**Exercise data:**

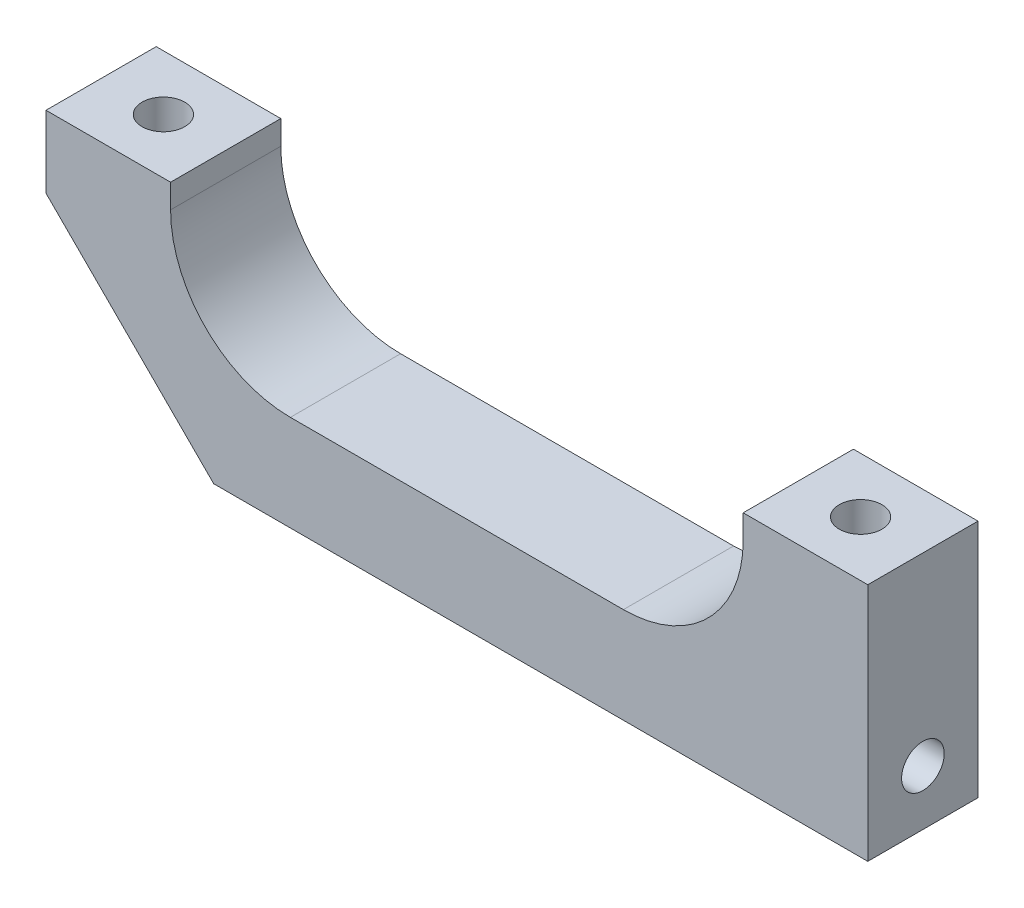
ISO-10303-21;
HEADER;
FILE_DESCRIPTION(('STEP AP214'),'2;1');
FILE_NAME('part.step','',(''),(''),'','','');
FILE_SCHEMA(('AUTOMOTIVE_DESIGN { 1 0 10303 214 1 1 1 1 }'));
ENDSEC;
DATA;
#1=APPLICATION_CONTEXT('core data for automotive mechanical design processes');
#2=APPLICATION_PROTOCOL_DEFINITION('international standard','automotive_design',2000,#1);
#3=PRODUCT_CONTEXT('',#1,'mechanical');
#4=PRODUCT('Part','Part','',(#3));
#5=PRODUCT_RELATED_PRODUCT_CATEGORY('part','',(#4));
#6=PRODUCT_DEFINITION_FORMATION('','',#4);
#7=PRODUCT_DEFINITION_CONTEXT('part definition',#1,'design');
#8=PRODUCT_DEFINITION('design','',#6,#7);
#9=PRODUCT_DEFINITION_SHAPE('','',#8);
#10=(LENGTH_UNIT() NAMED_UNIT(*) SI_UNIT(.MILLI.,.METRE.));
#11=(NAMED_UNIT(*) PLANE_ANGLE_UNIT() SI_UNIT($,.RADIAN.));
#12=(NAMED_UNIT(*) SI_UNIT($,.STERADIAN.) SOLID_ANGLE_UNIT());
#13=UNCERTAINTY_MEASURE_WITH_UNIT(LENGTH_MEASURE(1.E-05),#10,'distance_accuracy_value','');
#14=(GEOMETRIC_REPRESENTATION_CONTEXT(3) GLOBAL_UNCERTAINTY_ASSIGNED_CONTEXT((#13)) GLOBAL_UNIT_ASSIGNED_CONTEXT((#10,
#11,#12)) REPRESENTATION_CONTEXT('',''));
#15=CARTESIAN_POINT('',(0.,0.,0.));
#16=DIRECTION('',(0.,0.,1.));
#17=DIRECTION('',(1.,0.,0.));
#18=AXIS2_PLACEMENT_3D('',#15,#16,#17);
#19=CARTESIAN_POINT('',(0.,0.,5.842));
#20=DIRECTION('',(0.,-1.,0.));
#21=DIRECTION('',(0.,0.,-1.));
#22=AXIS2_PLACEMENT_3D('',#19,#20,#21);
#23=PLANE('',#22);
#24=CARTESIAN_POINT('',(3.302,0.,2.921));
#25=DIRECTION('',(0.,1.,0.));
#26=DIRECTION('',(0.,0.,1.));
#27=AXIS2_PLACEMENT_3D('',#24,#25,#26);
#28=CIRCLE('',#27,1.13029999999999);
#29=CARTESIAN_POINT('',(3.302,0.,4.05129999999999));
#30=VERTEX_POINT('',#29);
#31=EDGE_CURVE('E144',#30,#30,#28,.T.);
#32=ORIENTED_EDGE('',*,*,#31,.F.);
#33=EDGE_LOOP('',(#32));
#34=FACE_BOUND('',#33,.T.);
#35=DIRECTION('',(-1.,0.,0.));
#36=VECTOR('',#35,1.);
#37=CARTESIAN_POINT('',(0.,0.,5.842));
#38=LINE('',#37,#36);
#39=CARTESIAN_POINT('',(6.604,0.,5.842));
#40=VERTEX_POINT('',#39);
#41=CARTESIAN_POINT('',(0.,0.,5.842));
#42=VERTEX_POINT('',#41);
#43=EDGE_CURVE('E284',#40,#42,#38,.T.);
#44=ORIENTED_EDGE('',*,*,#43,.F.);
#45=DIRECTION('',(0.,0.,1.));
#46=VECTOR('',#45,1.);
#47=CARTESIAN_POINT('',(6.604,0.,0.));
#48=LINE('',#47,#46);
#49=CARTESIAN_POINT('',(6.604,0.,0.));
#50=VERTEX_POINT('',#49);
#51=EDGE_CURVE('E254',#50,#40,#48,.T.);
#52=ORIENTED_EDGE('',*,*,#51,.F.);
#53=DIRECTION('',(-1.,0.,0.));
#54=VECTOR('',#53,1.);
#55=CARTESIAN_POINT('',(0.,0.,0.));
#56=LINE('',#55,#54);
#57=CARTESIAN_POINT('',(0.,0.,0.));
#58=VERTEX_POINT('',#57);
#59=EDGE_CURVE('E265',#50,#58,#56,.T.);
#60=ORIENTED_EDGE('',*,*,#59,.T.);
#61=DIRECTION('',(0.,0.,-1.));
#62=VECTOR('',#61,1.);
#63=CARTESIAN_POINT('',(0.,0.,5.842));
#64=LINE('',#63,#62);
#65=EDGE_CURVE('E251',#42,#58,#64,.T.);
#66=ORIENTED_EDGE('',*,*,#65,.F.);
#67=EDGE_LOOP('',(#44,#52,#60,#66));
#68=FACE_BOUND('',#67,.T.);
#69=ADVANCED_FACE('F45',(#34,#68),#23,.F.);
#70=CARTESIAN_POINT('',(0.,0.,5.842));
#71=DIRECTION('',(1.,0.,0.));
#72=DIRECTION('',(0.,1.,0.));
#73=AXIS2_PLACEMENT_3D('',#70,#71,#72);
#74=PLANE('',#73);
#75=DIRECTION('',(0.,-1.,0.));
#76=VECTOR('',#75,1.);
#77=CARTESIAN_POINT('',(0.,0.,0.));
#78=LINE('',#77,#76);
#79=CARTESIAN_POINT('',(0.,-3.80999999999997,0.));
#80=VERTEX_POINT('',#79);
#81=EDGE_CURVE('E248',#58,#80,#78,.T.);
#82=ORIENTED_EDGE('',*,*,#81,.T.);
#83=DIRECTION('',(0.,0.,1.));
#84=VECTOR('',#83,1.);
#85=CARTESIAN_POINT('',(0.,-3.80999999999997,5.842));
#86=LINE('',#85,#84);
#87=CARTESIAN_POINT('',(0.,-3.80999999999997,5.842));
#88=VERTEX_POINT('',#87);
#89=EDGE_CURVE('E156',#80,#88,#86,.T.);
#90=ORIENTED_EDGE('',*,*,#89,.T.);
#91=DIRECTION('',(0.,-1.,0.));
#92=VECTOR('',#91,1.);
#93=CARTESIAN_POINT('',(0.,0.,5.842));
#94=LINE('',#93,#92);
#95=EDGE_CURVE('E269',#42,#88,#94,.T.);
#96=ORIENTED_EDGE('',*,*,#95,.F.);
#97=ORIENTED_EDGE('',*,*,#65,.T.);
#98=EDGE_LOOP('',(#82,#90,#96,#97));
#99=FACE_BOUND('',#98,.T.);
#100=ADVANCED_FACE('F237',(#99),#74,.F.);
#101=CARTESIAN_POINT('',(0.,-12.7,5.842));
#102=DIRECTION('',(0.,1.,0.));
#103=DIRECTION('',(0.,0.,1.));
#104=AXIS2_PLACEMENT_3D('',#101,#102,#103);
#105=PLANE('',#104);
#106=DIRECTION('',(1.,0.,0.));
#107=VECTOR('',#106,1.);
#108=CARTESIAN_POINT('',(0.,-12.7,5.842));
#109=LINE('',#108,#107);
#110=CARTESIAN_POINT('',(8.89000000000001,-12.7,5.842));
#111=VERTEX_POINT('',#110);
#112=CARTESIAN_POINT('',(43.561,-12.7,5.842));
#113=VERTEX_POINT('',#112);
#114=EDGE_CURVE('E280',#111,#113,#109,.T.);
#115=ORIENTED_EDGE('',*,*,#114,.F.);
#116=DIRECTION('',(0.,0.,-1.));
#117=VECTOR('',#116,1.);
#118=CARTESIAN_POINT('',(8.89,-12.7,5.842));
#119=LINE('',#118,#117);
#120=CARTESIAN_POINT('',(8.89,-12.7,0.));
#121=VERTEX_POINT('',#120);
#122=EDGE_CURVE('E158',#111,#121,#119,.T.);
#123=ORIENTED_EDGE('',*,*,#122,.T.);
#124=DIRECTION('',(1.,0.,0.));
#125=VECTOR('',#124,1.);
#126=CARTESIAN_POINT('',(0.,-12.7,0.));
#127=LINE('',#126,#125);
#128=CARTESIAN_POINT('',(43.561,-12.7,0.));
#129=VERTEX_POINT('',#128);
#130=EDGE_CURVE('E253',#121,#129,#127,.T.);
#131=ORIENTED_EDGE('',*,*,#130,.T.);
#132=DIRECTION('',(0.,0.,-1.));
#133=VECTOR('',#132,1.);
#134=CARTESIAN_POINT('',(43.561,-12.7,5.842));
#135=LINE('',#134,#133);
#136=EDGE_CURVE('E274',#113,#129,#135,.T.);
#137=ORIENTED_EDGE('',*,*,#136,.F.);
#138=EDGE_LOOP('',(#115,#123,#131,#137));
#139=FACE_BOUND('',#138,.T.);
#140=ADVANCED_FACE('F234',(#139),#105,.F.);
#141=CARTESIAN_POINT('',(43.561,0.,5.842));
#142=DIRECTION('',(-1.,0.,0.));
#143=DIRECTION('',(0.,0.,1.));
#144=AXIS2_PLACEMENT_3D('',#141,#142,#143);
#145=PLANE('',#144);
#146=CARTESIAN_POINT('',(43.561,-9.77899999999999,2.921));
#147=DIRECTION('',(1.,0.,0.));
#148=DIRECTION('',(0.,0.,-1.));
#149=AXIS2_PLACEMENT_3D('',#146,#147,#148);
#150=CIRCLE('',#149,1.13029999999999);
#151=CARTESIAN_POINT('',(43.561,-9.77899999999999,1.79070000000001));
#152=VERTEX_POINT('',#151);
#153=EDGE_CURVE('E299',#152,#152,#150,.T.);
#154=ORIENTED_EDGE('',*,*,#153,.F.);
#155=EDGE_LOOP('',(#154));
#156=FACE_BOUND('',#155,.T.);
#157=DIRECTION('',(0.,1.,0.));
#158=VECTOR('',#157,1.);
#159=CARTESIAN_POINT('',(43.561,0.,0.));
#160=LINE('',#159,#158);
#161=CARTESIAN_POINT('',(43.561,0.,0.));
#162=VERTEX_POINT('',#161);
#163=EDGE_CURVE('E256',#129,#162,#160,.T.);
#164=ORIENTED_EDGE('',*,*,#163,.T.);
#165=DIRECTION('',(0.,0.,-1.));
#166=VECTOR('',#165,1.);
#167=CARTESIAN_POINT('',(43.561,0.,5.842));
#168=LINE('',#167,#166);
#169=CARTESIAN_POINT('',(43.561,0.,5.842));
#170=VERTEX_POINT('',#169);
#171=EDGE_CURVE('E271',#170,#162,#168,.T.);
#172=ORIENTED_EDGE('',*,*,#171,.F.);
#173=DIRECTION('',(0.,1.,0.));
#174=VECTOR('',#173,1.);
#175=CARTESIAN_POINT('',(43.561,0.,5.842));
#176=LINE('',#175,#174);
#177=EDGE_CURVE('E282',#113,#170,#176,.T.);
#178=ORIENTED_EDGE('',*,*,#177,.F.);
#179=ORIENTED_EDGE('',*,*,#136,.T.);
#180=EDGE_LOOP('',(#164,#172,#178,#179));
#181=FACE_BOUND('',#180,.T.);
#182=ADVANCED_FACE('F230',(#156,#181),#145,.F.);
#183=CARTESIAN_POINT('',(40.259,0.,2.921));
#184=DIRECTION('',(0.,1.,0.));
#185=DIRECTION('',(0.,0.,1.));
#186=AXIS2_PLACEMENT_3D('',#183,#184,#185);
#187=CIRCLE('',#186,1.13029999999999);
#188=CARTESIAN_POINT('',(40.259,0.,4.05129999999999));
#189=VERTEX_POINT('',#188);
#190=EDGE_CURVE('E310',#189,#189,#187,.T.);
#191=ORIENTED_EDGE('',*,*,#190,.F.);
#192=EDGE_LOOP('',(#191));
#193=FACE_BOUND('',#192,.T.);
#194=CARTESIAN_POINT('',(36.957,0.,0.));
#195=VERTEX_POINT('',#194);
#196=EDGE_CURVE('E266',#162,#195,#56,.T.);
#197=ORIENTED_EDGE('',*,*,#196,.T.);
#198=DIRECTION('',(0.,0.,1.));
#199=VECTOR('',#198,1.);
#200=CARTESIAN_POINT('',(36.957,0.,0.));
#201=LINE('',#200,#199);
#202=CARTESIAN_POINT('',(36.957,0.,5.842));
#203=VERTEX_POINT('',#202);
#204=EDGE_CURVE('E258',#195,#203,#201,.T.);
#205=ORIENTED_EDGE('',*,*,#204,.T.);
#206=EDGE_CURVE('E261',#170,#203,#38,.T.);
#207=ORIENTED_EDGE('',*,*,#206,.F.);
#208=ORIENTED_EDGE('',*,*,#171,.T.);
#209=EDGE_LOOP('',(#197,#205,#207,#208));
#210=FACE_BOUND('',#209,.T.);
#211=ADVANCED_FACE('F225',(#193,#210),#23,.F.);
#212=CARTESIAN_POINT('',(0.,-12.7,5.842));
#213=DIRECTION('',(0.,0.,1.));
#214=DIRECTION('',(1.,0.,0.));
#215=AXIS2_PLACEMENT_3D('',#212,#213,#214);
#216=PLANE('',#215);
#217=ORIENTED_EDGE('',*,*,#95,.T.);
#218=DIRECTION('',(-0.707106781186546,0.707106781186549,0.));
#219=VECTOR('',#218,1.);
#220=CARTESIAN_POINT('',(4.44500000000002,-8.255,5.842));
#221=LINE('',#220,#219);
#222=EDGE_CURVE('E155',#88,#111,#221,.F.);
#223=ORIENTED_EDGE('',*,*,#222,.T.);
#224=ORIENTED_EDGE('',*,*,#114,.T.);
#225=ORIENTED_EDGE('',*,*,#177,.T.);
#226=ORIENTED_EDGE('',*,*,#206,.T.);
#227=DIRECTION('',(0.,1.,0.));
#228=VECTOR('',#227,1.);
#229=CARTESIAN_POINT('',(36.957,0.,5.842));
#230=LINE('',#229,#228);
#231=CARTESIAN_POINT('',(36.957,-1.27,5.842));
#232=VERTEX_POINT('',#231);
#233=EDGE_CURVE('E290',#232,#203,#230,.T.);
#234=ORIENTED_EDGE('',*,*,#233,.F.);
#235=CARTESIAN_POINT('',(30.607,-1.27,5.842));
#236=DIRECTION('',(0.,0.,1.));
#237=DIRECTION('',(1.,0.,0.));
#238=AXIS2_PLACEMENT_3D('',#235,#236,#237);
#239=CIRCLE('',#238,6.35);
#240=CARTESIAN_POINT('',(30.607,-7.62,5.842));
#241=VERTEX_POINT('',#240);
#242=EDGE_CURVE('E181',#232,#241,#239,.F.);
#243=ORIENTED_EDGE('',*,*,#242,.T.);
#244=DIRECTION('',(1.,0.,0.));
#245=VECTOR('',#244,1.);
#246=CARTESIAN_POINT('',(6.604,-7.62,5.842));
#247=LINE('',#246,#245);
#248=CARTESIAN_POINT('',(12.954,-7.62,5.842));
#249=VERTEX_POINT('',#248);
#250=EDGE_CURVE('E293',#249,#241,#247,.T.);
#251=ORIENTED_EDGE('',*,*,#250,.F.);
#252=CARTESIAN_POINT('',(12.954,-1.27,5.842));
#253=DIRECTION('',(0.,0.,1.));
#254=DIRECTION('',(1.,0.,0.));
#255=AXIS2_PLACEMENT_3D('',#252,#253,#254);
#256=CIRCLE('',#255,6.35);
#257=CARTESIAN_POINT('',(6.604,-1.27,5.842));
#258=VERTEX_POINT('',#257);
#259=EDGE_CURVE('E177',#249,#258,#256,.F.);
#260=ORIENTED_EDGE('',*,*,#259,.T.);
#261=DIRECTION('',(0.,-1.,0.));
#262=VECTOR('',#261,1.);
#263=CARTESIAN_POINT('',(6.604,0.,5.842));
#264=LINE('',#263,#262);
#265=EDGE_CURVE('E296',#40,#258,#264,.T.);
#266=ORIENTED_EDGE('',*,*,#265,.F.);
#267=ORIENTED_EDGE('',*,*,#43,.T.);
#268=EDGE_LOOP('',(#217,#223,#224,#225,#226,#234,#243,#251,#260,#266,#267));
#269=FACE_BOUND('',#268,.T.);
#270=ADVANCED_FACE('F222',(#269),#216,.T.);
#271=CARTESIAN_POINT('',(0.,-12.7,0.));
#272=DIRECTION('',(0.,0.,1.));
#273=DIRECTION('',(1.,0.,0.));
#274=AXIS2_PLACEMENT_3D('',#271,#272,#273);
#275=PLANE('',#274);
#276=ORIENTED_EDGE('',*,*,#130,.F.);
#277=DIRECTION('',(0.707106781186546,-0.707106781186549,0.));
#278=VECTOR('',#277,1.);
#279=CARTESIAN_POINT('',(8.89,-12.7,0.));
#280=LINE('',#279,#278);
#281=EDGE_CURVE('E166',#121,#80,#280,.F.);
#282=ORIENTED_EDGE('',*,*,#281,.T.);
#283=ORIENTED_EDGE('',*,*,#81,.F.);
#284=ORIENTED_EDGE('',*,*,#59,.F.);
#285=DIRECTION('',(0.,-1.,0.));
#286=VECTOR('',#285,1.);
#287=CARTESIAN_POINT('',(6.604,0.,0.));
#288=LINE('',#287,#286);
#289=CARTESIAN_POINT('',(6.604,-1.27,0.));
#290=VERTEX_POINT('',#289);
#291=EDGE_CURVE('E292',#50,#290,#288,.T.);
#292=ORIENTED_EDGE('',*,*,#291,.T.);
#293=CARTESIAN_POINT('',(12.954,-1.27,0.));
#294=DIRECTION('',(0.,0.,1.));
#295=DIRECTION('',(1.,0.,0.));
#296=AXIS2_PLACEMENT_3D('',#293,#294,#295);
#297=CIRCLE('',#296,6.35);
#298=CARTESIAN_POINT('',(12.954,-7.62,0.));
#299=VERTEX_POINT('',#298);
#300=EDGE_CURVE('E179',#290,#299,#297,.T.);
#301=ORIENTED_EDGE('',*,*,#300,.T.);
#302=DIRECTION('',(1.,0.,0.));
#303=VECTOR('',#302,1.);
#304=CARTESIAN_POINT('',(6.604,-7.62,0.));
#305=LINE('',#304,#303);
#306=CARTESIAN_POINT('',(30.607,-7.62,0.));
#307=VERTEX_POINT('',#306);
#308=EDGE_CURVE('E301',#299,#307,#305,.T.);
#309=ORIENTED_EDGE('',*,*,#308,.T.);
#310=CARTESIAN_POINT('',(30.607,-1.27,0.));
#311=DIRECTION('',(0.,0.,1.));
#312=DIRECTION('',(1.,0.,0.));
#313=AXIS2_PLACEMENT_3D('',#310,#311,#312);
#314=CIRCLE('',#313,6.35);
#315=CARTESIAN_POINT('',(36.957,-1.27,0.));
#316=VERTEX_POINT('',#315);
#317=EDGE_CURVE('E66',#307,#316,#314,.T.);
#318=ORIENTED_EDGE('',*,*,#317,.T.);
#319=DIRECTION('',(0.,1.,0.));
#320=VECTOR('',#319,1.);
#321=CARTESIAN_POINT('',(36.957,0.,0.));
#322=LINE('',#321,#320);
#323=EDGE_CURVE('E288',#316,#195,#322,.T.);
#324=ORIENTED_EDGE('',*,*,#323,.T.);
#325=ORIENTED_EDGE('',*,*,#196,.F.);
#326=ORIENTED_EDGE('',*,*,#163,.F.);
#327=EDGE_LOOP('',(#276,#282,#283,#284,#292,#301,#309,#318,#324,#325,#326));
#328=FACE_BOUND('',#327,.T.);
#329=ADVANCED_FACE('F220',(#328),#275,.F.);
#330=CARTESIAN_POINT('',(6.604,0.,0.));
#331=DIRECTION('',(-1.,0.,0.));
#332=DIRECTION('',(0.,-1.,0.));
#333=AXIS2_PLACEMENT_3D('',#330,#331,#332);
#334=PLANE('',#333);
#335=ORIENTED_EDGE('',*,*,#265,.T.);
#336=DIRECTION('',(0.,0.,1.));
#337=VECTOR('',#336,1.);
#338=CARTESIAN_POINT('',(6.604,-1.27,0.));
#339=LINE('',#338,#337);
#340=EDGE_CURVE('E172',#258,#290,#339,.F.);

**The problem:** Filter the entries and copy each line with "CIRCLE".

**Output of the exercise:**
#28=CIRCLE('',#27,1.13029999999999);
#150=CIRCLE('',#149,1.13029999999999);
#187=CIRCLE('',#186,1.13029999999999);
#239=CIRCLE('',#238,6.35);
#256=CIRCLE('',#255,6.35);
#297=CIRCLE('',#296,6.35);
#314=CIRCLE('',#313,6.35);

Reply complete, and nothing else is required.